[[ Records for this exercise, beginning ]]

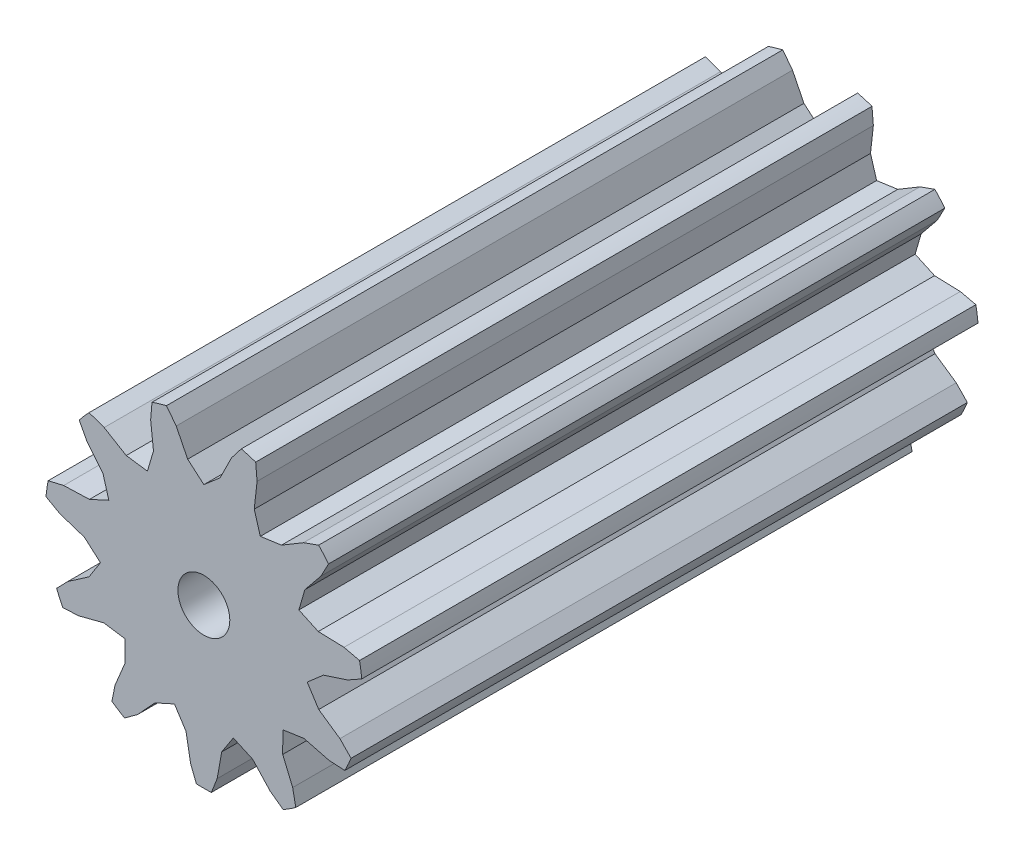
SolidWorks part; units mm, degrees
ref_plane "Front Plane" through (0, 0, 0) normal (0, 0, 1) x (1, 0, 0)
ref_plane "Top Plane" through (0, 0, 0) normal (0, 1, 0) x (1, 0, 0)
ref_plane "Right Plane" through (0, 0, 0) normal (1, 0, 0) x (0, 0, -1)
sketch "Sketch1" plane through (0, 0, 0) normal (0, 0, 1) x (1, 0, 0)
  line L1 (1.2374, -1.2374) -> (-1.2374, -1.2374) construction
  line L2 (1.2374, -1.2374) -> (1.2374, 1.2374) construction
  line L3 (1.2374, 1.2374) -> (-1.2374, 1.2374) construction
  line L4 (-1.2374, -1.2374) -> (-1.2374, 1.2374) construction
  line L5 (1.2374, -1.2374) -> (-1.2374, 1.2374) construction
  line L6 (1.2374, 1.2374) -> (-1.2374, -1.2374) construction
  circle A0 centre (0, 0) radius 9.7778
  circle A1 centre (0, 0) radius 1.75 construction
  dimension "D1" = 19.5556
  dimension "D2" = 3.5
extrude "Boss-Extrude1" add sketch "Sketch1" along normal blind 38
sketch "Sketch2" plane through (0, 0, 0) normal (0, 0, 1) x (1, 0, 0)
  line L0 (0, 0) -> (0, 10.088) construction
  line L1 (0, 6.4402) -> (-0.9985, 7.2997)
  line L8 (-1.7043, 10.285) -> (0, 10.9993)
  line L11 (-0.9985, 7.2997) -> (-1.7043, 8.7207)
  line L12 (-1.7043, 8.7207) -> (-2.3066, 9.5018)
  line L13 (-2.3066, 9.5018) -> (-1.7043, 10.285)
  line L14 (2.3066, 9.5018) -> (1.7043, 10.285)
  line L15 (1.7043, 8.7207) -> (2.3066, 9.5018)
  line L16 (0.9985, 7.2997) -> (1.7043, 8.7207)
  line L17 (1.7043, 10.285) -> (0, 10.9993)
  line L18 (0, 6.4402) -> (0.9985, 7.2997)
  circle A14 centre (0, 0) radius 9.7778 construction
  point P16 (0, 9.7778)
  dimension "D5" = 0.6023
  dimension "D6" = 0.7811
  dimension "D1" = 0.9985
  dimension "D2" = 0.8594
  dimension "D3" = 0.7058
  dimension "D4" = 1.4211
  dimension "D7" = 0.7832
  dimension "D8" = 0.6023
  dimension "D9" = 0.7142
  dimension "D10" = 1.7043
extrude "Cut-Extrude1" cut sketch "Sketch2" along normal through all
sketch "Sketch3" plane through (0, 0, 0) normal (0, 0, 1) x (1, 0, 0)
  circle A0 centre (0, 0) radius 7.5
  dimension "D1" = 15
sketch "Sketch4" plane through (0, 0, 38) normal (0, 0, 1) x (1, 0, 0)
  circle A0 centre (0, 0) radius 1.6
  dimension "D1" = 3.2
extrude "Cut-Extrude2" cut sketch "Sketch4" against normal through all both and the other way through all
pattern_circular "CirPattern1" count 11 over 360 about axis through (0, 0, 38) along (0, 0, -1) of "Cut-Extrude1" reverse direction yes
sketch "Sketch5" plane through (0, 0, 0) normal (0, 0, 1) x (1, 0, 0)
  line L0 (0, 0) -> (0, 16.5734) construction
  arc A0 (0, 2.7703) -> (-2.7395, 5.5802) centre (3.9333, 9.3453) cw
  arc A1 (-2.7395, 5.5802) -> (0, 7.0858) centre (3.4783, -2.4876) cw
  arc A2 (2.7395, 5.5802) -> (0, 7.0858) centre (-3.4783, -2.4876) ccw
  arc A3 (0, 2.7703) -> (2.7395, 5.5802) centre (-3.9333, 9.3453) ccw
equation "\"circle\"=19.5556"
equation "\"D1@Sketch1\"=\"circle\""
equation "\"separator_width\"=45"
equation "\"big-gear-thiccness\"=2"
equation "\"D1@Boss-Extrude1\"=\"separator_width\" - \"big-gear-thiccness\"-10/2"

[[ Records for this exercise, end ]]

§ **Exercise**: When you repeat the material above, keep every word exact and leave out the pictures.

§ **Result below**:
SolidWorks part; units mm, degrees
ref_plane "Front Plane" through (0, 0, 0) normal (0, 0, 1) x (1, 0, 0)
ref_plane "Top Plane" through (0, 0, 0) normal (0, 1, 0) x (1, 0, 0)
ref_plane "Right Plane" through (0, 0, 0) normal (1, 0, 0) x (0, 0, -1)
sketch "Sketch1" plane through (0, 0, 0) normal (0, 0, 1) x (1, 0, 0)
  line L1 (1.2374, -1.2374) -> (-1.2374, -1.2374) construction
  line L2 (1.2374, -1.2374) -> (1.2374, 1.2374) construction
  line L3 (1.2374, 1.2374) -> (-1.2374, 1.2374) construction
  line L4 (-1.2374, -1.2374) -> (-1.2374, 1.2374) construction
  line L5 (1.2374, -1.2374) -> (-1.2374, 1.2374) construction
  line L6 (1.2374, 1.2374) -> (-1.2374, -1.2374) construction
  circle A0 centre (0, 0) radius 9.7778
  circle A1 centre (0, 0) radius 1.75 construction
  dimension "D1" = 19.5556
  dimension "D2" = 3.5
extrude "Boss-Extrude1" add sketch "Sketch1" along normal blind 38
sketch "Sketch2" plane through (0, 0, 0) normal (0, 0, 1) x (1, 0, 0)
  line L0 (0, 0) -> (0, 10.088) construction
  line L1 (0, 6.4402) -> (-0.9985, 7.2997)
  line L8 (-1.7043, 10.285) -> (0, 10.9993)
  line L11 (-0.9985, 7.2997) -> (-1.7043, 8.7207)
  line L12 (-1.7043, 8.7207) -> (-2.3066, 9.5018)
  line L13 (-2.3066, 9.5018) -> (-1.7043, 10.285)
  line L14 (2.3066, 9.5018) -> (1.7043, 10.285)
  line L15 (1.7043, 8.7207) -> (2.3066, 9.5018)
  line L16 (0.9985, 7.2997) -> (1.7043, 8.7207)
  line L17 (1.7043, 10.285) -> (0, 10.9993)
  line L18 (0, 6.4402) -> (0.9985, 7.2997)
  circle A14 centre (0, 0) radius 9.7778 construction
  point P16 (0, 9.7778)
  dimension "D5" = 0.6023
  dimension "D6" = 0.7811
  dimension "D1" = 0.9985
  dimension "D2" = 0.8594
  dimension "D3" = 0.7058
  dimension "D4" = 1.4211
  dimension "D7" = 0.7832
  dimension "D8" = 0.6023
  dimension "D9" = 0.7142
  dimension "D10" = 1.7043
extrude "Cut-Extrude1" cut sketch "Sketch2" along normal through all
sketch "Sketch3" plane through (0, 0, 0) normal (0, 0, 1) x (1, 0, 0)
  circle A0 centre (0, 0) radius 7.5
  dimension "D1" = 15
sketch "Sketch4" plane through (0, 0, 38) normal (0, 0, 1) x (1, 0, 0)
  circle A0 centre (0, 0) radius 1.6
  dimension "D1" = 3.2
extrude "Cut-Extrude2" cut sketch "Sketch4" against normal through all both and the other way through all
pattern_circular "CirPattern1" count 11 over 360 about axis through (0, 0, 38) along (0, 0, -1) of "Cut-Extrude1" reverse direction yes
sketch "Sketch5" plane through (0, 0, 0) normal (0, 0, 1) x (1, 0, 0)
  line L0 (0, 0) -> (0, 16.5734) construction
  arc A0 (0, 2.7703) -> (-2.7395, 5.5802) centre (3.9333, 9.3453) cw
  arc A1 (-2.7395, 5.5802) -> (0, 7.0858) centre (3.4783, -2.4876) cw
  arc A2 (2.7395, 5.5802) -> (0, 7.0858) centre (-3.4783, -2.4876) ccw
  arc A3 (0, 2.7703) -> (2.7395, 5.5802) centre (-3.9333, 9.3453) ccw
equation "\"circle\"=19.5556"
equation "\"D1@Sketch1\"=\"circle\""
equation "\"separator_width\"=45"
equation "\"big-gear-thiccness\"=2"
equation "\"D1@Boss-Extrude1\"=\"separator_width\" - \"big-gear-thiccness\"-10/2"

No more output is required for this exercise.